Ask HN: Does my IP assignment contract kill all side projects? - b3nman

I'm currently in the process of co-founding a company that will be in the field of language learning software. I often have lots of ideas for projects and tinker with different things. I'm worried that some project that i believe is totally unrelated to my company will actually be owned by the company due to the ambiguous language in the IP Assignment contract supplied to us by our lawyers.<p>The part that worries me reads like this:
(Inventions are assigned to the company)
"regardless of whether they are conceived or made during regular working hours or at my place of work, (that) are directly or indirectly related to the Company’s business or potential business, result from tasks assigned to me by the Company, or are conceived or made with the use of the Company’s resources, facilities or materials."<p>Would this apply to a something like a birdwatching app i made on my own time on the weekend? Our lawyer says that is a possibility. Aren't there tons of people who work on multiple projects at the same time, how do they manage? Our lawyer says that investors would not look favorably on any narrowing of this contract. Why can't i just say that anything i work on that is directly related to the company is owned by the company? Why does the language need to be so broad?<p>Any and all opinions are greatly appreciated. Thanks!!!!
======
nostrademons
Probably yes.

I've heard that some people have had success at negotiating down the scope of
their IP assignments to "Anything directly related to the company is yours,
anything not directly related is mine", but it comes down to negotiating
leverage. Basically, you need to be a bigshot in your industry and they need
to be a relatively small, desperate company for this to work. They have to
want you more than you want them, because otherwise they know that everyone
else will require equally restrictive IP agreements.

As for how people manage to work on side projects - usually, if they become
companies, the employee has to negotiate an explicit agreement with their
employer to retain ownership. For the Apple I, Woz initially believed that HP
owned the rights to it, and then some middle-manager at HP signed it away. For
Viaweb, I believe there was a panic at some point where some Yahoo pointed out
that it was quite possible that Altavista owned the rights to their code
(since RTM worked there one summer) and they needed to get some manager there
to sign off on it. PG may be able to tell you more if he's reading this.

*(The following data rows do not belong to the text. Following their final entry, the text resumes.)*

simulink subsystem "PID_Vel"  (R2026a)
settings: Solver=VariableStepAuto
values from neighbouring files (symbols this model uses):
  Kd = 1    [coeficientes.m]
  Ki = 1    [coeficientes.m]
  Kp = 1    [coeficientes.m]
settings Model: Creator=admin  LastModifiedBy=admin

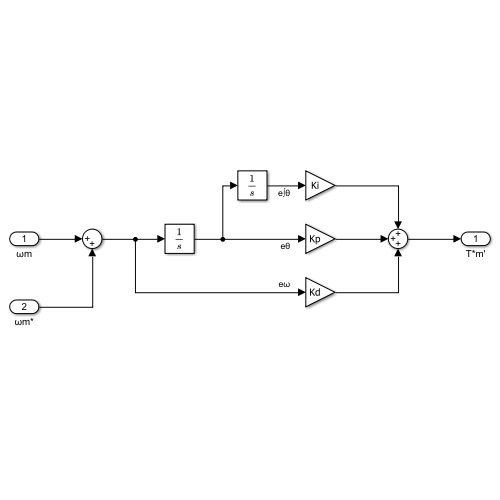
[thumbnail: Simulink's stored preview of the top-level diagram]
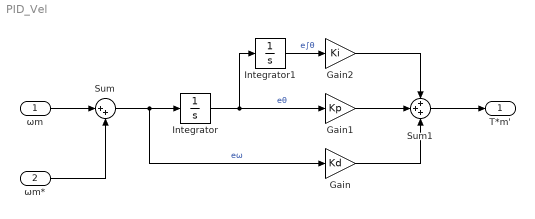
== system PID_Vel ==
  ωm : Inport  Unit=rad/s
  ωm* : Inport  Port=2  Unit=rad/s
  Gain : Gain  Gain=Kd
  Gain1 : Gain  Gain=Kp
  Gain2 : Gain  Gain=Ki
  Integrator : Integrator
  Integrator1 : Integrator
  Sum : Sum  Inputs=|++
  Sum1 : Sum  Inputs=+++
  T*m' : Outport
  wires:
  Gain1/1 -> Sum1/2
  Gain/1 -> Sum1/3
  Integrator/1 -> Integrator1/1, Gain1/1  "eθ"
  ωm/1 -> Sum/1
  Sum1/1 -> T*m'/1
  ωm*/1 -> Sum/2
  Integrator1/1 -> Gain2/1  "e∫θ"
  Sum/1 -> Gain/1, Integrator/1  "eω"
  Gain2/1 -> Sum1/1
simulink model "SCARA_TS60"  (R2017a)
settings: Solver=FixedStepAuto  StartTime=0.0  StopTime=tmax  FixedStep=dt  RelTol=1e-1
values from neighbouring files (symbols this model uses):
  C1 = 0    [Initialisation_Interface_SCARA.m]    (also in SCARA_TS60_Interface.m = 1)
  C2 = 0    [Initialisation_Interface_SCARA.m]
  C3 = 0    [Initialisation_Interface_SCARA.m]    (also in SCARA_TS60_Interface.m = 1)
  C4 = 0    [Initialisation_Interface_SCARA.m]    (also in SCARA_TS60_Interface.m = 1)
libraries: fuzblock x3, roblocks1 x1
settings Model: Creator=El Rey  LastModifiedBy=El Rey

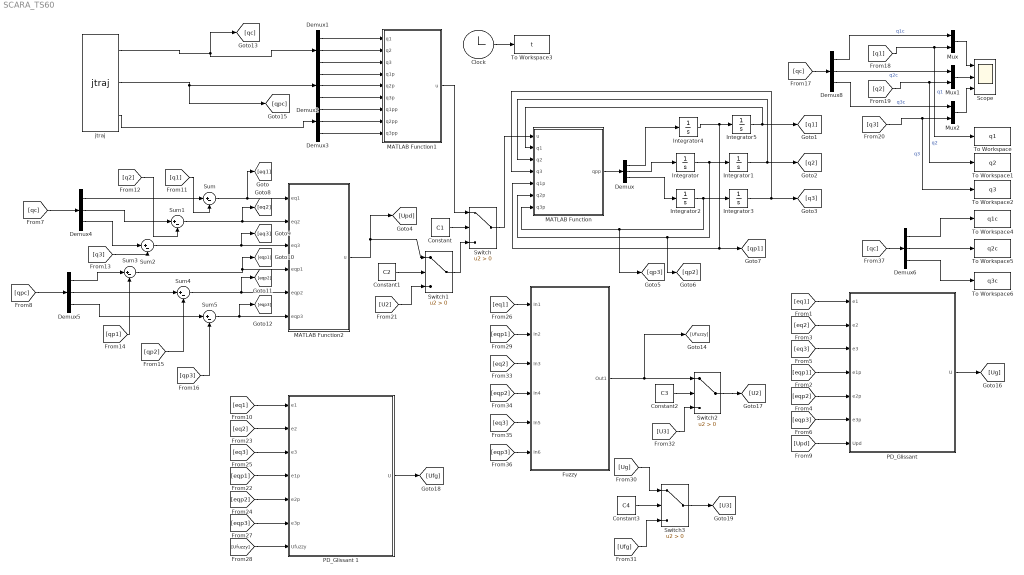
== system SCARA_TS60 ==
  Clock : Clock
  Constant : Constant  Value=C1
  Constant1 : Constant  Value=C2
  Constant2 : Constant  Value=C3
  Constant3 : Constant  Value=C4
  Demux{,1..6,8} (8 alike) : Demux  Outputs=3
  Fuzzy : Subsystem
  Integrator : Integrator  IgnoreLimit=on
  Integrator{1..3,5} (4 alike) : Integrator
  Integrator4 : Integrator  IgnoreLimit=on
  MATLAB Function : MATLAB Function  TreatAsAtomicUnit=on
  MATLAB Function1 : MATLAB Function  TreatAsAtomicUnit=on
  MATLAB Function2 : MATLAB Function  TreatAsAtomicUnit=on
  Mux : Mux  Inputs=2
  Mux1 : Mux  Inputs=2
  Mux2 : Mux  Inputs=2
  "PD_Glissant " : MATLAB Function  TreatAsAtomicUnit=on
  PD_Glissant 1 : MATLAB Function  TreatAsAtomicUnit=on
  Scope : Scope  NumInputPorts=3
  Sum{,1..5} (6 alike) : Sum  Inputs=|+-
  Switch{,1..3} (4 alike) : Switch  Criteria=u2 > Threshold
  To Workspace : ToWorkspace  VariableName=q1  SampleTime=-1
  To Workspace1 : ToWorkspace  VariableName=q2  SampleTime=-1
  To Workspace2 : ToWorkspace  VariableName=q3  SampleTime=-1
  To Workspace3 : ToWorkspace  VariableName=t  SampleTime=-1
  To Workspace4 : ToWorkspace  VariableName=q1c  SampleTime=-1
  To Workspace5 : ToWorkspace  VariableName=q2c  SampleTime=-1
  To Workspace6 : ToWorkspace  VariableName=q3c  SampleTime=-1
  jtraj : roblocks1/Toolbox/jtraj  q0=q0  qf=qf  tmax=tmax  ts=dt
  wires:
  Sum2/1 -> [eq3], MATLAB Function2/3(eq3)
  Sum5/1 -> [eqp3], MATLAB Function2/6(eqp3)
  Sum1/1 -> [eq2], MATLAB Function2/2(eq2)
  Sum4/1 -> [eqp2], MATLAB Function2/5(eqp2)
  Demux3/1 -> MATLAB Function1/7(q1pp)
  Sum3/1 -> [eqp1], MATLAB Function2/4(eqp1)
  Demux/1 -> Integrator4/1
  Switch/1 -> MATLAB Function/1(u)
  Demux/2 -> Integrator/1
  Demux1/3 -> MATLAB Function1/3(q3)
  Demux3/2 -> MATLAB Function1/8(q2pp)
  Mux2/1 -> Scope/3
  Demux2/2 -> MATLAB Function1/5(q2p)
  Integrator5/1 -> [q1], MATLAB Function/2(q1)
  Mux1/1 -> Scope/2
  Demux1/2 -> MATLAB Function1/2(q2)
  Demux2/1 -> MATLAB Function1/4(q1p)
  Integrator3/1 -> [q3], MATLAB Function/4(q3)
  Integrator1/1 -> [q2], MATLAB Function/3(q2)
  Sum/1 -> [eq1], MATLAB Function2/1(eq1)
  Demux1/1 -> MATLAB Function1/1(q1)
  Integrator/1 -> [qp2], MATLAB Function/6(q2p), Integrator1/1
  Demux/3 -> Integrator2/1
  Mux/1 -> Scope/1
  Demux2/3 -> MATLAB Function1/6(q3p)
  MATLAB Function/1(qpp) -> Demux/1
  Demux3/3 -> MATLAB Function1/9(q3pp)
  Integrator2/1 -> Integrator3/1, [qp3], MATLAB Function/7(q3p)
  [qc] -> Demux4/1
  Demux4/3 -> Sum2/1
  Demux4/2 -> Sum1/1
  Demux4/1 -> Sum/1
  [qpc] -> Demux5/1
  Demux5/1 -> Sum3/1
  Demux5/2 -> Sum4/1
  Demux5/3 -> Sum5/1
  [q1] -> Sum/2
  [q2] -> Sum1/2
  [q3] -> Sum2/2
  [qp3] -> Sum5/2
  [qp2] -> Sum4/2
  [qp1] -> Sum3/2
  [qc] -> Demux8/1
  Demux8/1 -> Mux/1  "q1c"
  Demux8/2 -> Mux1/1  "q2c"
  Demux8/3 -> Mux2/1  "q3c"
  [q1] -> To Workspace/1, Mux/2  "q1"
  [q2] -> To Workspace1/1, Mux1/2  "q2"
  [q3] -> To Workspace2/1, Mux2/2  "q3"
  "PD_Glissant "/1(U) -> [Ug]
  MATLAB Function2/1(u) -> Switch1/1, [Upd]
  [U2] -> Switch1/3
  Integrator4/1 -> MATLAB Function/5(q1p), [qp1], Integrator5/1
  [U3] -> Switch2/3
  Switch2/1 -> [U2]
  [eq1] -> Fuzzy/1(In1)
  [eqp1] -> Fuzzy/2(In2)
  [eq2] -> Fuzzy/3(In3)
  [eqp2] -> Fuzzy/4(In4)
  [eq3] -> Fuzzy/5(In5)
  [eqp3] -> Fuzzy/6(In6)
  Fuzzy/1(Out1) -> Switch2/1, [Ufuzzy]
  [eq1] -> "PD_Glissant "/1(e1)
  [eq2] -> "PD_Glissant "/2(e2)
  [eq3] -> "PD_Glissant "/3(e3)
  [eqp2] -> "PD_Glissant "/5(e2p)
  [eqp1] -> "PD_Glissant "/4(e1p)
  [eqp3] -> "PD_Glissant "/6(e3p)
  [Upd] -> "PD_Glissant "/7(Upd)
  [Ufuzzy] -> PD_Glissant 1/7(Ufuzzy)
  [eqp3] -> PD_Glissant 1/6(e3p)
  [eqp1] -> PD_Glissant 1/4(e1p)
  [eqp2] -> PD_Glissant 1/5(e2p)
  [eq3] -> PD_Glissant 1/3(e3)
  [eq2] -> PD_Glissant 1/2(e2)
  [eq1] -> PD_Glissant 1/1(e1)
  PD_Glissant 1/1(U) -> [Ufg]
  [Ug] -> Switch3/1
  [Ufg] -> Switch3/3
  Switch3/1 -> [U3]
  MATLAB Function1/1(u) -> Switch/1
  Switch1/1 -> Switch/3
  Constant/1 -> Switch/2
  Constant1/1 -> Switch1/2
  Constant2/1 -> Switch2/2
  Constant3/1 -> Switch3/2
  Clock/1 -> To Workspace3/1
  [qc] -> Demux6/1
  Demux6/2 -> To Workspace5/1
  Demux6/3 -> To Workspace6/1
  Demux6/1 -> To Workspace4/1
  jtraj/1 -> Demux1/1, [qc]
  jtraj/2 -> Demux2/1, [qpc]
  jtraj/3 -> Demux3/1

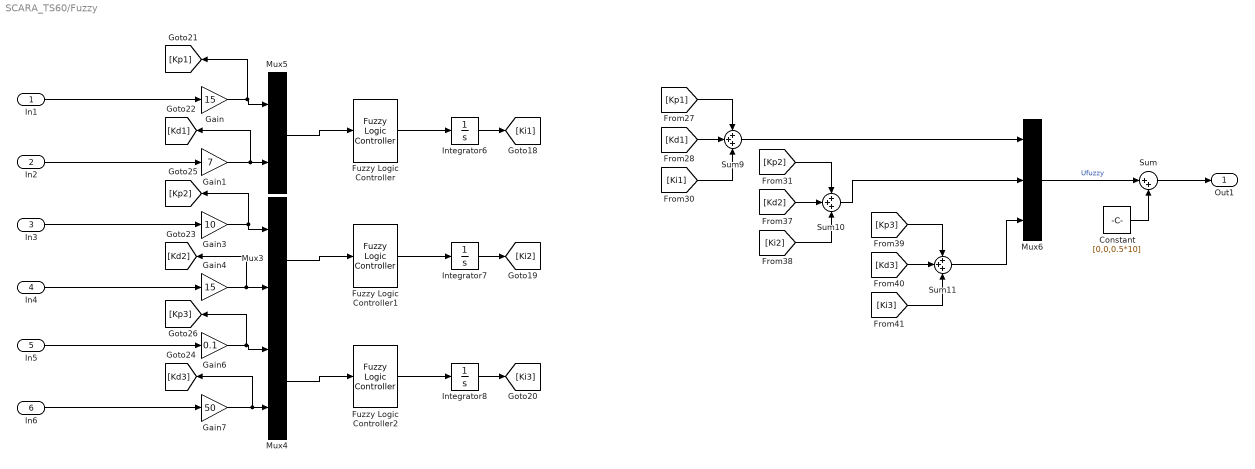
== system SCARA_TS60/Fuzzy ==
  In1 : Inport
  In2 : Inport  Port=2
  In3 : Inport  Port=3
  In4 : Inport  Port=4
  In5 : Inport  Port=5
  In6 : Inport  Port=6
  Constant : Constant  Value=[0,0,0.5*10]
  Fuzzy Logic Controller : fuzblock/Fuzzy Logic  Controller  fis='SCARA_FUZZY.fis'
  Fuzzy Logic Controller1 : fuzblock/Fuzzy Logic  Controller  fis='SCARA_FUZZY.fis'
  Fuzzy Logic Controller2 : fuzblock/Fuzzy Logic  Controller  fis='SCARA_FUZZY.fis'
  Gain : Gain  Gain=15
  Gain1 : Gain  Gain=7
  Gain3 : Gain  Gain=10
  Gain4 : Gain  Gain=15
  Gain6 : Gain  Gain=0.1
  Gain7 : Gain  Gain=50
  Integrator6 : Integrator
  Integrator7 : Integrator
  Integrator8 : Integrator
  Mux3 : Mux  Inputs=2
  Mux4 : Mux  Inputs=2
  Mux5 : Mux  Inputs=2
  Mux6 : Mux  Inputs=3
  Sum : Sum  Inputs=|++
  Sum10 : Sum  Inputs=+++
  Sum11 : Sum  Inputs=+++
  Sum9 : Sum  Inputs=+++
  Out1 : Outport
  wires:
  Mux5/1 -> Fuzzy Logic Controller/1
  In2/1 -> Gain1/1
  Fuzzy Logic Controller/1 -> Integrator6/1
  In1/1 -> Gain/1
  Gain4/1 -> [Kd2], Mux3/2
  Fuzzy Logic Controller1/1 -> Integrator7/1
  Mux3/1 -> Fuzzy Logic Controller1/1
  Mux4/1 -> Fuzzy Logic Controller2/1
  In4/1 -> Gain4/1
  Gain3/1 -> [Kp2], Mux3/1
  Gain7/1 -> [Kd3], Mux4/2
  Gain6/1 -> [Kp3], Mux4/1
  Fuzzy Logic Controller2/1 -> Integrator8/1
  In5/1 -> Gain6/1
  In6/1 -> Gain7/1
  Gain/1 -> [Kp1], Mux5/1
  In3/1 -> Gain3/1
  Gain1/1 -> [Kd1], Mux5/2
  Integrator7/1 -> [Ki2]
  [Ki3] -> Sum11/3
  [Ki1] -> Sum9/3
  [Ki2] -> Sum10/3
  Sum10/1 -> Mux6/2
  [Kp3] -> Sum11/1
  [Kd3] -> Sum11/2
  Integrator8/1 -> [Ki3]
  [Kd2] -> Sum10/2
  [Kp1] -> Sum9/1
  [Kp2] -> Sum10/1
  [Kd1] -> Sum9/2
  Sum9/1 -> Mux6/1
  Sum11/1 -> Mux6/3
  Integrator6/1 -> [Ki1]
  Sum/1 -> Out1/1
  Mux6/1 -> Sum/1  "Ufuzzy"
  Constant/1 -> Sum/2

== matlab function SCARA_TS60/MATLAB Function1 ==
  data: q1 input; u output; q2 input; q3 input; q1p input; q2p input; q3p input; q1pp input; q2pp input; q3pp input
function u = SCARA_MDD(q1,q2,q3,q1p,q2p,q3p,q1pp,q2pp,q3pp)
%---definition des constantes---%

qpp=zeros(3,1);qp=zeros(3,1);q=zeros(3,1);
q(1,1)=q1;q(2,1)=q2;q(3,1)=q3;
qp(1,1)=q1p;qp(2,1)=q2p;qp(3,1)=q3p;
qpp(1,1)=q1pp;qpp(2,1)=q2pp;qpp(3,1)=q3pp;
m0=19.5;m1=8;m2=6;m3=0.5;
d0=0.65;d1=0.4;d2=0.3;d3=0.3;
I0=1.0298;I1=0.16;I2=0.0675;I3=0.0056;
g=10;
%--------------------------------%
M=zeros(3);
M(1,1)=I1+I2+I3+(m3+0.25*m1+m2)*d1^2+(0.25*m2+m3)*d2^2+(2*m3+m2)*d1*d2*cos(q2);
M(1,2)=I2+I3+(0.25*m2+m3)*d2^2+(0.5*m2+m3)*d1*d2*cos(q2); %
M(1,3)=0; %
M(2,1)=M(1,2); %
M(2,2)=I2+I3+(0.25*m2+m3)*d2^2; %
M(2,3)=0; %
M(3,1)=M(1,3); %
M(3,2)=M(2,3); %
M(3,3)=m3;
N=zeros(3); %
N(1,1)=-0.5*d1*d2*sin(q2)*(2*m3+m2)*q2p; %
N(1,2)=-0.5*d1*d2*sin(q2)*(2*m3+m2)*(q1p+q2p); %
N(1,3)=0; %
N(2,1)=-0.5*d1*d2*sin(q2)*(2*m3+m2)*(q1p+q2p); %
N(2,2)=-0.5*d1*d2*sin(q2)*(2*m3+m2)*q1p; %
N(2,3)=0; %
N(3,1)=0; %
N(3,2)=0; %
N(3,3)=0;
%------ Vecteur de gravité ----------------------%
G=zeros(3,1); %
G(1)=0; %
G(2)=0; %
G(3)=m3*g;
%--reponse de la forme qpp = (1/M)*(u-N*qp-G)-----%
u = M*qpp+N*qp+G;

== matlab function SCARA_TS60/MATLAB Function ==
  data: u input; qpp output; q1 input; q2 input; q3 input; q1p input; q2p input; q3p input
function qpp = SCARA_MDI(u,q1,q2,q3,q1p,q2p,q3p)
%---definition des constantes---%
qp=zeros(3,1);q=zeros(3,1);
qp(1,1)=q1p;qp(2,1)=q2p;qp(3,1)=q3p;
m0=19.5;
m1=8;
m2=6; 
m3=0.5;
d0=0.65;
d1=0.4;
d2=0.3;
d3=0.3;%%0.3
I0=1.0298;
I1=0.16;
I2=0.0675;
I3=0.0056;
g=10;
%--------------------------------%
M=zeros(3);
M(1,1)=I1+I2+I3+(m3+0.25*m1+m2)*d1^2+(0.25*m2+m3)*d2^2+(2*m3+m2)*d1*d2*cos(q2);
M(1,2)=I2+I3+(0.25*m2+m3)*d2^2+(0.5*m2+m3)*d1*d2*cos(q2); %
M(1,3)=0; %
M(2,1)=M(1,2); %
M(2,2)=I2+I3+(0.25*m2+m3)*d2^2; %
M(2,3)=0; %
M(3,1)=M(1,3); %
M(3,2)=M(2,3); %
M(3,3)=m3;
N=zeros(3); %
N(1,1)=-0.5*d1*d2*sin(q2)*(2*m3+m2)*q2p; %
N(1,2)=-0.5*d1*d2*sin(q2)*(2*m3+m2)*(q1p+q2p); %
N(1,3)=0; %
N(2,1)=-0.5*d1*d2*sin(q2)*(2*m3+m2)*(q1p+q2p); %
N(2,2)=-0.5*d1*d2*sin(q2)*(2*m3+m2)*q1p; %
N(2,3)=0; %
N(3,1)=0; %
N(3,2)=0; %
N(3,3)=0;
%------ Vecteur de gravité ----------------------%
G=zeros(3,1); %
G(1)=0; %
G(2)=0; %
G(3)=m3*g;
%--reponse de la forme qpp = (1/M)*(u-N*qp-G)-----%
qpp = pinv(M)*(u-N*qp-G);

== matlab function SCARA_TS60/MATLAB Function2 ==
  data: eq1 input; u output; eq2 input; eq3 input; eqp1 input; eqp2 input; eqp3 input
function u = com_PD(eq1,eq2,eq3,eqp1,eqp2,eqp3)
eq=zeros(3,1);eqp=zeros(3,1);
eq(1,1)=eq1;eq(2,1)=eq2;eq(3,1)=eq3;
eqp(1,1)=eqp1;eqp(2,1)=eqp2;eqp(3,1)=eqp3;
m0=19.5;m1=8;m2=6;m3=0.5;
g=10;
%------ Vecteur de gravité ----------------------%
G=zeros(3,1); %
G(1)=0; %
G(2)=0; %
G(3)=m3*g;
Kp = diag([15,15,0.10]);
Kd=diag([7,10,50]);
u = Kp*eq+Kd*eqp+G;

== matlab function SCARA_TS60/PD_Glissant  ==
  data: e1 input; U output; e2 input; e3 input; e1p input; e2p input; e3p input; Upd input
function U = Mode_Glissant(e1,e2,e3,e1p,e2p,e3p,Upd)
%--reponse de la forme U = Ueq + dU -----%
K=0.15;L=1;% K=0.00001;L=1; avec Ueq=U
ep=zeros(3,1);
ep(1,1)=e1p;
ep(2,1)=e2p;
ep(3,1)=e3p;
e=zeros(3,1);
e(1,1)=e1;
e(2,1)=e2;
e(3,1)=e3;
s=ep+L*e;

dU = -K*sign(s);
U = Upd + dU;

== matlab function SCARA_TS60/PD_Glissant 1 ==
  data: e1 input; U output; e2 input; e3 input; e1p input; e2p input; e3p input; Ufuzzy input
function U = Mode_Glissant_Floue(e1,e2,e3,e1p,e2p,e3p,Ufuzzy)
%--reponse de la forme U = Ueq + dU -----%
K=0.15;L=1;% K=0.00001;L=1; avec Ueq=U
ep=zeros(3,1);
ep(1,1)=e1p;
ep(2,1)=e2p;
ep(3,1)=e3p;
e=zeros(3,1);
e(1,1)=e1;
e(2,1)=e2;
e(3,1)=e3;
s=ep+L*e;

dU = -K*sign(s);
U = Ufuzzy + dU;
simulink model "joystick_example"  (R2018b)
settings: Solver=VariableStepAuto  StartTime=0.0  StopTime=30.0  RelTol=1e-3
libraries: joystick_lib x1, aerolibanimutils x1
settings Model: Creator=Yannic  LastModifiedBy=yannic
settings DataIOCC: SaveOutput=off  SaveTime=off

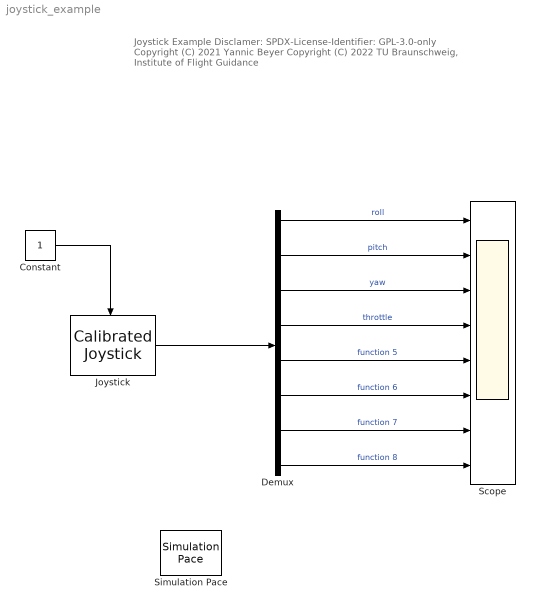
== system joystick_example ==
  note: Joystick Example
      |
      | Disclamer:
      | SPDX-License-Identifier: GPL-3.0-only
      |
      | Copyright (C) 2021 Yannic Beyer
      | Copyright (C) 2022 TU Braunschweig, Institute of Flight Guidance
  Constant : Constant
  Demux : Demux  Outputs=8
  Joystick : joystick_lib/Calibrated Joystick  jystck=jystck
      settings: SourceProductName=LADAC
  Scope : Scope  NumInputPorts=8
  Simulation Pace : aerolibanimutils/Simulation Pace  SimulationPace=1  SleepMode=Auto  OutputPaceError=off  SampleTime=1/30
  wires:
  Joystick/1 -> Demux/1
  Demux/1 -> Scope/1  "roll"
  Demux/2 -> Scope/2  "pitch"
  Demux/3 -> Scope/3  "yaw"
  Demux/4 -> Scope/4  "throttle"
  Demux/5 -> Scope/5  "function 5"
  Demux/6 -> Scope/6  "function 6"
  Demux/7 -> Scope/7  "function 7"
  Demux/8 -> Scope/8  "function 8"
  Constant/1 -> Joystick/Enable

Another common strategy founders do is write the prototypes and perform market
research while still employed, and then throw everything away and start fresh
when they form the company. Usually the scope of IP only extends to code (&
design docs & other written descriptions), because if it's not written down,
you can't prove when they dreamed it up. This was the Netscape strategy: write
Mosaic, quit and rewrite it as Netscape. They got sued for it anyway, but I
think it was for trademark infringement and not copyright infringement.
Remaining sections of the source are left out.